Why Is Parallel Programming So Hard
Most people first learn how to program serially. Later they learn about multitasking and threading. But with the advent of multicore processors, most programmers are still pretty intimidated by the prospect of true parallel programming.
To help serial programmers make the transition to parallel, we talked to distinguished IBM engineer Paul E. McKenney. (McKenney maintains RCU in the Linux kernel and has written the detailed guidebook Is Parallel Programming Hard, And, If So, What Can You Do About It? ) Here’s what he had to say.
Q: What makes parallel programming harder than serial programming? How much of this is simply a new mindset one has to adopt?
McKenney: Strange though it may seem, although parallel programming is indeed harder than sequential programming, it is not that much harder. Perhaps the people complaining about parallel programming have forgotten about parallelism in everyday life: Drivers deal naturally with many other cars; sports team members deal with other players, referees and sometimes spectators; and schoolteachers deal with large numbers of (sometimes unruly) children. It is not parallel programming that is hard, but rather programming itself.
Nevertheless, parallelism can pose difficult problems for longtime sequential programmers, just as Git can be for longtime users of revision control systems. These problems include design and coding habits that are inappropriate for parallel programming, but also sequential APIs that are problematic for parallel programs.
This turns out to be a problem both in theory and practice. For example, consider a collection API whose addition and deletion primitives return the exact number of items in the collection. This has simple and efficient sequential implementations but is problematic in parallel. In contrast, addition and deletion primitives that do not return the exact number of items in the set have simple and efficient parallel implementations.

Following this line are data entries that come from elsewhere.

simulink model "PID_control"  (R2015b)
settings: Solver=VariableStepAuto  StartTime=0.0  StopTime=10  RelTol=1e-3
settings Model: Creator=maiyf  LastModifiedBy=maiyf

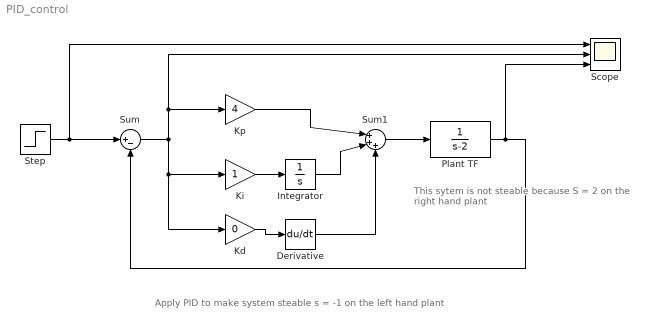
== system PID_control ==
  note: Apply PID to make system steable s = -1 on the left hand plant
  note: This sytem is not steable because S = 2 on the right hand plant
  " Plant TF" : TransferFcn  Denominator=[1 -2]
  Derivative : Derivative
  Integrator : Integrator
  Kd : Gain  Gain=0
  Ki : Gain
  Kp : Gain  Gain=4
  Scope : Scope  NumInputPorts=3
  Step : Step  Time=0.2  SampleTime=0
  Sum : Sum  Inputs=|+-
  Sum1 : Sum  Inputs=|+++
  wires:
  Step/1 -> Sum/1, Scope/1
  Sum/1 -> Ki/1, Kd/1, Scope/2, Kp/1
  " Plant TF"/1 -> Scope/3, Sum/2
  Sum1/1 -> " Plant TF"/1
  Kp/1 -> Sum1/1
  Ki/1 -> Integrator/1
  Integrator/1 -> Sum1/2
  Kd/1 -> Derivative/1
  Derivative/1 -> Sum1/3

As a result, much of the difficulty in moving from sequential to parallel programming is in fact adopting a new mindset. After all, if parallel programming really is mind-crushingly difficult, why are there so many successful parallel open-source projects?
Q: What does a serial programmer have to rethink when approaching parallel programming? Enterprise programmers know how to multitask and thread, but most don’t have a clue how to tap into the power of multicore/parallel programming.
McKenney: The two biggest learning opportunities are a) partitioning problems[SK7] to allow efficient parallel solutions, and b) using the right tool for the job. Sometimes people dismiss partitioned problems as “embarrassingly parallel,” but these problems are exactly the ones for which parallelism is the most effective. Parallelism is first and foremost a performance optimization, and therefore has its area of applicability. For a given problem, parallelism might well be the right tool for the job, but other performance optimizations might be better. Use the right tool for the job!
Q: What can best help serial programmers retool themselves into parallel programmers?
McKenney: All tools and languages, parallel or not, are domain-specific. So look at the tools and languages used by parallel programmers in application domains that interest you the most. There are a lot of parallel open-source projects out there, and so there is no shortage of existing practice to learn from. If you are not interested in a specific application domain, focus on tools used by a vibrant parallel open-source project. For example, the project I participate in has been called out as having made great progress in parallelism by some prominent academic researchers.
But design is more important than specific tools or languages. If your design fully partitions the problem, then parallelization will be easy in pretty much any tool or language. In contrast, no tool or language will help a flawed design. Finally, if your problem is inherently unpartitionable, perhaps you should be looking at other performance optimization.
Back in the 1970s and 1980s, the Great Programming Crisis was at least as severe as the current Great Multicore Programming Crisis. The primary solutions were not high-minded tools or languages, but rather the lowly spreadsheet, word processor, presentation manager, and relational database. These four lowly tools transformed the computer from an esoteric curiosity into something that almost no one can live without. But the high-minded tools and languages of the time are long forgotten, and rightly so. The same thing will happen with parallelism: The average person doesn’t care about fancy parallel languages and synchronization techniques; they just want their smartphone’s battery to last longer.
Of course, I have my favorite languages, tools and techniques, mostly from the perspective of someone hacking kernels or the lower levels of parallel system utilities. I have had great fun with parallel programming over the past two decades, and I hope your readers have at least as much fun in the decades to come!